The contemporary attacks on the inspiration and inerrancy of Scripture are often couched in an attitude of twenty-first century hubris. Those people did not have computers. They did not have cell phones and modern medical knowledge. They did not send men to the moon or put satellites in orbit. So how could they have possibly had any meaningful knowledge of transcendent truths? The Bible was not written using modern language and categories; therefore, how can it be at all relevant to us today? Couple this with carefully selected texts demonstrating apparent “contradiction,” and it is easy to see why many Christians are embarrassed by the historical confession of the perfection and inspiration of the Bible. “We just can’t speak like that anymore. We need a new way of looking at the Bible,” we are told.

Have we grown so much wiser than our predecessors? Were the great men and women of God of the past naïve when it came to the Bible? Should we abandon inerrancy and speak of the Bible in postmodern terms? Or is there a reason to continue to believe that God has spoken with truthful clarity in Scripture?

CAREFULLY DEFINING THE ISSUES

There is no question that Christians have attributed things to the Bible that it never attributes to itself. Ignorance of the Bible’s authors, its historical context, languages, canon, and overall purpose has led to all sorts of odd claims about the Bible down through church history. Claims that the Bible is a handbook to nuclear physics or that it contains startling scientific secrets are easily (and truthfully) refuted.

The acts of the ignorant over the centuries do not determine the nature of Scripture, however. We must think carefully and clearly about what Scripture is so that when we speak of its authority, nature, and accuracy, we are standing on solid ground. It is just this kind of clear, careful thinking that marks the work of the scholars who crafted the Chicago Statement in 1978.1 Though the entire statement is lengthy, the summary statement is brief enough to be of assistance to us here:

1. God, who is Himself Truth and speaks truth only, has inspired Holy Scripture in order thereby to reveal Himself to lost mankind through Jesus Christ as Creator and Lord, Redeemer and Judge.
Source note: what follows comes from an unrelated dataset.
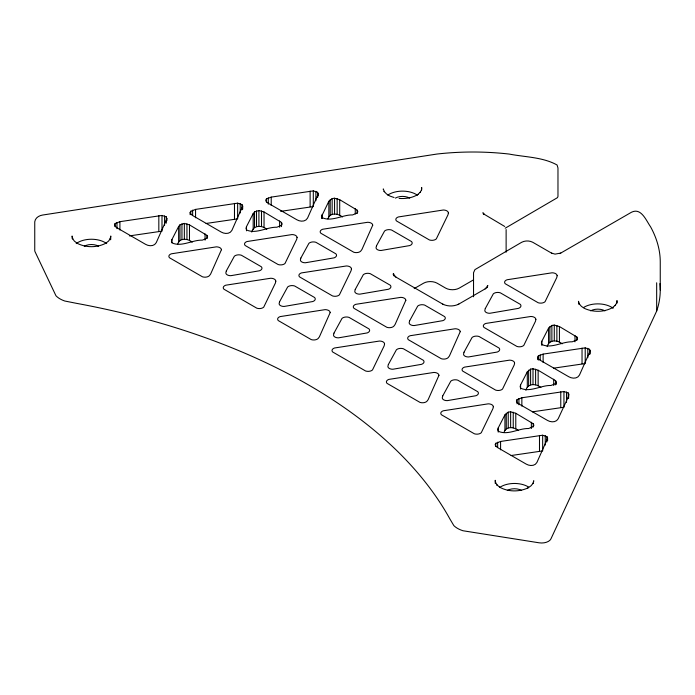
<?xml version="1.0" encoding="UTF-8"?>
<svg xmlns="http://www.w3.org/2000/svg" width="695" height="695" viewBox="0 0 695 695"><rect width="100%" height="100%" fill="white"/><g stroke="black" fill="none" stroke-linecap="round" stroke-linejoin="round"><path stroke-width="1.04" d="M533.656 481.348L533.769 480.749L532.883 483.616L533.204 483.129L531.015 485.814L527.705 488.081M167.035 218.36L156.245 242.651C154.194 246.569 148.86 246.308 145.524 244.31L117.038 227.864L115.135 226.388L114.475 224.885L115.109 223.521L119.914 221.679L161.996 215.45L166.314 216.866L167.035 220.445M242.685 206.076L231.895 230.375C229.845 234.285 224.52 234.033 221.175 232.034L192.689 215.589L190.786 214.103L190.126 212.609L190.76 211.237L195.564 209.395L237.647 203.166L241.964 204.582L242.685 206.076L242.685 209.212M318.345 193.792L307.555 218.091C305.496 222.009 300.171 221.748 296.826 219.75L268.339 203.305L266.446 201.819L265.777 200.325L266.411 198.952L271.215 197.111L313.306 190.882L317.624 192.307L318.345 195.886M547.712 438.137L536.922 462.436C534.863 466.345 529.538 466.084 526.193 464.095L497.707 447.649L495.813 446.164L495.144 444.67L495.778 443.297L500.582 441.455L542.665 435.226L546.982 436.642L547.712 440.23M568.614 396.289L568.979 394.456L568.258 392.97L563.94 391.546L521.858 397.775L517.054 399.616L516.411 400.989L517.08 402.483L518.983 403.969L547.469 420.414C550.805 422.412 556.139 422.664 558.189 418.755L568.614 396.289L568.614 398.383M590.255 350.784L579.465 375.074C577.406 378.992 572.081 378.732 568.736 376.733L540.25 360.288L538.356 358.811L537.687 357.308L538.321 355.944L543.125 354.103L585.207 347.874L589.525 349.29L590.255 350.784L590.255 353.92M171.926 239.558L171.457 241.426L172.108 242.929C181.551 247.307 192.515 239.784 202.315 240.14L206.997 238.237L207.605 236.847L206.936 235.353L189.483 224.885L184.349 223.416L179.979 224.824L178.641 226.474L171.926 239.558L171.926 242.694M246.482 226.639L246.013 228.507L246.664 230.01C256.108 234.389 267.071 226.874 276.862 227.23L281.553 225.319L282.161 223.938L281.492 222.435L264.039 211.975L258.905 210.507L254.535 211.914L253.197 213.565L246.482 226.639L246.482 230.827M321.663 216.232L328.848 201.281L332.158 198.579L334.556 198.223L339.699 199.691L357.143 210.151L357.812 211.654L357.204 213.035L352.521 214.946C342.722 214.59 331.767 222.105 322.315 217.726L321.663 216.232L321.663 218.317M498.219 427.938L497.75 429.805L498.402 431.308C507.845 435.687 518.809 428.172 528.6 428.528L533.291 426.617L533.899 425.227L533.23 423.733L515.777 413.273L510.643 411.805L508.236 412.152L504.935 414.863L498.219 427.938L498.219 432.125M520.59 384.891L520.121 386.759L520.772 388.262C530.216 392.64 541.179 385.126 550.97 385.482L555.661 383.57L556.269 382.189L555.6 380.686L538.147 370.227L533.004 368.758L530.606 369.115L527.305 371.816L520.59 384.891L520.59 389.078M541.857 341.219L541.388 343.087L542.039 344.59C551.491 348.968 562.446 341.445 572.246 341.801L576.928 339.898L577.536 338.508L576.867 337.006L559.423 326.546L554.28 325.078L551.882 325.434L548.572 328.136L541.857 341.219L541.857 345.398M659.92 283.595A187.294 108.133 0 0 1 656.671 311.039L550.927 538.894A9.617 5.551 0 0 1 539.155 542.812L462.957 530.745A23.978 13.839 0 0 1 453.87 525.655L449.943 519.043A575.582 332.314 0 0 0 76.242 303.289L64.791 301.022A23.978 13.839 0 0 1 55.965 295.775L35.063 251.781A9.617 5.551 0 0 1 34.75 250.061L34.75 221.801C35.245 217.891 38.885 215.65 42.508 215.059L436.929 154.047C460.915 151.328 485.197 151.336 509.174 154.064C524.977 157.139 542.917 157.053 557.095 165.01L557.972 167.99L557.972 196.251A6.585 3.805 0 0 1 557.251 197.78L505.213 228.203M177.685 244.041C179.684 237.464 187.98 238.524 192.237 242.173M251.764 232.061C253.449 224.885 262.163 225.145 266.793 229.263M327.892 218.847C329.89 212.27 338.187 213.33 342.444 216.979M547.139 346.64C548.824 339.455 557.546 339.725 562.168 343.834M503.979 432.429C505.969 425.844 514.265 426.904 518.531 430.561M525.863 390.321C527.548 383.136 536.271 383.397 540.892 387.515M487.942 285.688L485.127 288.894M417.678 194.591L420.414 192.081L420.101 192.541L421.596 189.761L421.474 190.352L421.665 187.459L421.665 189.57M612.538 307.616L615.414 305.157L615.11 305.618L616.752 302.864L616.639 303.454L616.995 300.561L616.995 302.673M105.371 243.493L108.498 241.139L110.462 238.402L110.131 238.898L110.792 236.005L110.67 239.784M414.177 288.616L423.55 283.204A9.617 5.551 0 0 1 437.146 283.204L445.643 288.112A9.617 5.551 0 0 0 459.239 288.112L473.338 279.963M457.875 304.618L486.196 288.269M559.84 253.606L631.52 212.218C641.311 207.345 646.228 220.697 650.581 226.822C656.445 237.473 660.215 249.47 660.25 261.702L660.25 289.954M418.095 194.357C412.491 197.945 405.654 198.9 399.121 198.414M612.938 307.39C604.355 312.359 593.339 312.472 584.391 308.38L581.376 306.347L579.126 303.68L579.448 304.158L578.492 301.3L578.605 304.01M105.744 243.285C96.953 247.811 85.937 247.811 77.145 243.285M560.761 253.076L555.053 254.118L551.456 253.076M458.796 304.097C453.826 306.591 447.667 306.591 442.689 304.097M528.061 487.881C519.139 492.069 508.123 491.973 499.488 487.099M280.684 211.35L313.306 206.58L313.306 190.882M206.076 223.469L237.647 218.864L237.647 203.166M129.374 235.909L161.996 231.148L161.996 215.45M553.646 368.168L585.207 363.572L585.207 347.874M532.37 411.848L563.94 407.244L563.94 391.546M511.103 455.529L542.665 450.925L542.665 435.226M394.082 197.51L389.956 196.086L386.455 193.905L384.057 191.281L384.378 191.759L383.258 188.918L383.379 189.518M483.268 213.704L504.726 226.466M552.377 253.606L532.761 242.277C529.347 240.513 525.09 240.513 521.676 242.277L474.928 269.634L473.538 272.718L473.538 296.791M394.899 276.497L443.61 304.618M77.527 243.493L74.391 241.139L72.428 238.402L72.758 238.898L72.098 236.005L72.219 238.724M484.337 214.321L482.869 212.644M395.968 277.114L393.153 273.917L393.665 275.437M499.887 487.325L496.951 484.893L497.255 485.345L495.544 482.599L495.665 483.199L495.24 480.306L495.24 483.477M656.671 282.787L656.671 311.039M589.525 349.29L589.525 354.519M587.796 348.291L587.796 357.708M582.036 348.082L582.036 363.78M576.867 337.006L576.867 340.15M574.991 335.546L574.991 341.818M568.258 392.97L568.258 398.2M566.521 391.963L566.521 402.431M560.769 391.754L560.769 407.452M559.423 326.546L559.423 342.244M556.877 325.469L556.877 341.167M556.269 382.189L556.269 384.283M555.6 380.686L555.6 384.874M554.28 325.078L554.28 340.776M553.724 379.218L553.724 385.499M551.882 325.434L551.882 341.132M549.919 326.485L549.919 342.183M548.572 328.136L548.572 343.834M546.982 436.642L546.982 441.881M545.254 435.643L545.254 445.061M543.125 354.103L543.125 362.469M540.197 354.832L540.197 360.071M539.494 435.435L539.494 451.133M538.321 355.944L538.321 360.123M538.147 370.227L538.147 385.925M537.687 357.308L537.687 359.402M535.602 369.141L535.602 384.839M533.23 423.733L533.23 426.869M533.004 368.758L533.004 384.457M531.354 422.265L531.354 428.546M530.606 369.115L530.606 384.813M528.643 370.166L528.643 385.864M527.305 371.816L527.305 387.515M521.858 397.775L521.858 406.149M518.922 398.513L518.922 404.794M517.054 399.616L517.054 403.804M515.777 413.273L515.777 428.971M513.24 412.187L513.24 427.885M510.643 411.805L510.643 427.503M508.236 412.152L508.236 427.851M506.273 413.212L506.273 428.911M506.125 229.55L506.125 252.215M504.935 414.863L504.935 430.561M500.582 441.455L500.582 449.83M497.655 442.194L497.655 447.424M495.778 443.297L495.778 446.433M487.43 285.471L487.43 287.565M483.381 213.304L483.381 214.173M393.665 273.7L393.665 275.793M357.143 210.151L357.143 213.296M355.267 208.682L355.267 213.921M339.699 199.691L339.699 215.389M337.153 198.614L337.153 214.312M334.556 198.223L334.556 213.921M332.158 198.579L332.158 214.277M330.195 199.63L330.195 215.328M328.848 201.281L328.848 216.979M322.132 214.355L322.132 218.543M317.624 192.307L317.624 197.536M315.886 191.299L315.886 200.725M310.126 191.09L310.126 206.797M281.492 222.435L281.492 226.622M279.616 220.967L279.616 227.248M271.215 197.111L271.215 205.485M268.287 197.849L268.287 204.13M266.411 198.952L266.411 202.097M264.039 211.975L264.039 227.673M261.502 210.889L261.502 226.587M258.905 210.507L258.905 226.205M256.507 210.854L256.507 226.553M254.535 211.914L254.535 227.613M253.197 213.565L253.197 229.263M241.964 204.582L241.964 209.821M240.227 203.583L240.227 213M234.476 203.374L234.476 219.073M206.936 235.353L206.936 238.489M205.06 233.885L205.06 240.157M195.564 209.395L195.564 217.77M192.637 210.133L192.637 215.363M190.76 211.237L190.76 214.373M190.126 212.609L190.126 214.694M189.483 224.885L189.483 240.592M186.946 223.807L186.946 239.506M184.349 223.416L184.349 239.123M181.951 223.773L181.951 239.471M179.979 224.824L179.979 240.522M178.641 226.474L178.641 242.173M166.314 216.866L166.314 223.147M164.576 215.867L164.576 225.284M158.825 215.659L158.825 231.357M119.914 221.679L119.914 230.045M116.977 222.409L116.977 228.69M115.109 223.521L115.109 226.657M395.386 198.101A10.095 5.829 0 0 1 409.659 198.101M590.663 310.847A10.095 5.829 0 0 1 604.937 310.847M583.409 307.607A19.225 11.103 0 0 1 613.12 308.259M507.307 490.444A10.095 5.829 0 0 1 521.589 490.444M499.757 487.404A19.225 11.103 0 0 1 528.669 487.091M76.189 243.589A19.225 11.103 0 0 1 106.7 243.589M84.312 246.23A10.095 5.829 0 0 1 98.586 246.23M387.723 195.139A19.225 11.103 0 0 1 417.452 195.226M221.418 249.757L210.628 274.047L209.351 275.741A5.065 2.928 0 0 1 202.471 276.81L169.519 257.784A5.065 2.928 0 0 1 171.361 253.805L216.38 246.847A5.065 2.928 0 0 1 221.418 249.757M275.802 281.154L275.437 282.978L263.735 307.138A5.065 2.928 0 0 1 256.855 308.206L223.903 289.181A5.065 2.928 0 0 1 225.745 285.202L270.763 278.243A5.065 2.928 0 0 1 275.802 281.154M297.069 237.473L296.704 239.306L285.011 263.466A5.065 2.928 0 0 1 278.122 264.526L245.17 245.5A5.065 2.928 0 0 1 247.012 241.53L292.03 234.562A5.065 2.928 0 0 1 297.069 237.473M330.177 312.55L319.387 336.849L318.119 338.535A5.065 2.928 0 0 1 311.238 339.603L278.278 320.577A5.065 2.928 0 0 1 280.128 316.599L325.138 309.64A5.065 2.928 0 0 1 330.177 312.55M351.453 268.869L351.088 270.703L339.395 294.862A5.065 2.928 0 0 1 332.505 295.922L299.554 276.897A5.065 2.928 0 0 1 301.395 272.927L346.414 265.959A5.065 2.928 0 0 1 351.453 268.869M372.72 225.189L361.93 249.488L360.662 251.182A5.065 2.928 0 0 1 353.781 252.242L320.821 233.216A5.065 2.928 0 0 1 322.671 229.246L367.681 222.278A5.065 2.928 0 0 1 372.72 225.189M384.561 343.947L384.196 345.78L372.503 369.931A5.065 2.928 0 0 1 365.613 371L332.662 351.974A5.065 2.928 0 0 1 334.512 347.995L379.522 341.036A5.065 2.928 0 0 1 384.561 343.947M405.837 300.266L395.047 324.565L393.77 326.259A5.065 2.928 0 0 1 386.889 327.319L353.937 308.293A5.065 2.928 0 0 1 355.779 304.323L400.798 297.356A5.065 2.928 0 0 1 405.837 300.266M448.379 212.913L448.014 214.746L436.312 238.898A5.065 2.928 0 0 1 429.432 239.966L396.48 220.94A5.065 2.928 0 0 1 398.322 216.962L443.341 210.003A5.065 2.928 0 0 1 448.379 212.913M438.945 375.343L428.155 399.642L426.886 401.328A5.065 2.928 0 0 1 419.997 402.396L387.046 383.371A5.065 2.928 0 0 1 388.887 379.392L433.906 372.433A5.065 2.928 0 0 1 438.945 375.343M460.22 331.663L449.43 355.962L448.153 357.656A5.065 2.928 0 0 1 441.273 358.716L408.312 339.69A5.065 2.928 0 0 1 410.163 335.72L455.173 328.752A5.065 2.928 0 0 1 460.22 331.663M493.328 406.74L492.964 408.573L481.261 432.724A5.065 2.928 0 0 1 474.381 433.793L441.429 414.767A5.065 2.928 0 0 1 443.271 410.788L488.29 403.83A5.065 2.928 0 0 1 493.328 406.74M514.595 363.059L514.239 364.892L502.537 389.052A5.065 2.928 0 0 1 495.648 390.112L462.696 371.087A5.065 2.928 0 0 1 464.547 367.116L509.557 360.149A5.065 2.928 0 0 1 514.595 363.059M535.871 319.379L535.506 321.212L523.804 345.372A5.065 2.928 0 0 1 516.924 346.44L483.972 327.415A5.065 2.928 0 0 1 485.814 323.436L530.832 316.477A5.065 2.928 0 0 1 535.871 319.379M557.138 275.707L556.773 277.54L545.08 301.691A5.065 2.928 0 0 1 538.191 302.759L505.239 283.734A5.065 2.928 0 0 1 507.089 279.755L552.099 272.796A5.065 2.928 0 0 1 557.138 275.707M226.309 270.954L225.84 272.822A4.787 2.763 0 0 0 230.81 275.689L259.556 270.763A5.213 3.006 0 0 0 261.32 266.75L241.33 255.204A5.213 3.006 0 0 0 234.363 256.22L226.309 270.954M279.59 301.717L279.121 303.585A4.787 2.763 0 0 0 284.09 306.452L312.837 301.526A5.213 3.006 0 0 0 314.609 297.512L294.611 285.966A5.213 3.006 0 0 0 287.652 286.983L279.59 301.717M300.865 258.036L300.396 259.904A4.787 2.763 0 0 0 305.357 262.771L334.113 257.854A5.213 3.006 0 0 0 335.876 253.831L315.878 242.286A5.213 3.006 0 0 0 308.919 243.311L300.865 258.036M333.974 333.113L333.504 334.981A4.787 2.763 0 0 0 338.474 337.848L367.221 332.922A5.213 3.006 0 0 0 368.984 328.909L348.994 317.363A5.213 3.006 0 0 0 342.027 318.38L333.974 333.113M355.249 289.433L354.78 291.301A4.787 2.763 0 0 0 359.741 294.167L388.488 289.25A5.213 3.006 0 0 0 390.26 285.228L370.261 273.682A5.213 3.006 0 0 0 363.303 274.707L355.249 289.433M376.516 245.752L376.047 247.629A4.787 2.763 0 0 0 381.016 250.495L409.763 245.57A5.213 3.006 0 0 0 411.527 241.547L391.537 230.01A5.213 3.006 0 0 0 384.57 231.027L376.516 245.752M388.357 364.51L387.888 366.378A4.787 2.763 0 0 0 392.857 369.245L421.604 364.319A5.213 3.006 0 0 0 423.368 360.305L403.378 348.76A5.213 3.006 0 0 0 396.411 349.776L388.357 364.51M409.624 320.829L409.155 322.697A4.787 2.763 0 0 0 414.124 325.564L442.871 320.647A5.213 3.006 0 0 0 444.644 316.625L424.645 305.079A5.213 3.006 0 0 0 417.686 306.104L409.624 320.829M442.741 395.907L442.272 397.775A4.787 2.763 0 0 0 447.232 400.641L475.979 395.716A5.213 3.006 0 0 0 477.752 391.702L457.753 380.156A5.213 3.006 0 0 0 450.794 381.173L442.741 395.907M464.008 352.226L463.539 354.094A4.787 2.763 0 0 0 468.508 356.961L497.255 352.044A5.213 3.006 0 0 0 499.019 348.021L479.029 336.476A5.213 3.006 0 0 0 472.061 337.501L464.008 352.226M485.284 308.554L484.815 310.422A4.787 2.763 0 0 0 489.775 313.289L518.522 308.363A5.213 3.006 0 0 0 520.294 304.341L500.296 292.804A5.213 3.006 0 0 0 493.337 293.82L485.284 308.554"/></g></svg>

Holy Scripture is God’s witness to Himself.

2. Holy Scripture, being God’s own Word, written by men prepared and superintended by His Spirit, is of infallible divine authority in all matters upon which it touches: It is to be believed, as God’s

instruction, in all that it affirms; obeyed, as God’s command, in all that it requires; embraced, as God’s pledge, in all that it promises.

3. The Holy Spirit, Scripture’s divine Author, both authenticates it to us by His inward witness and opens our minds to understand its meaning.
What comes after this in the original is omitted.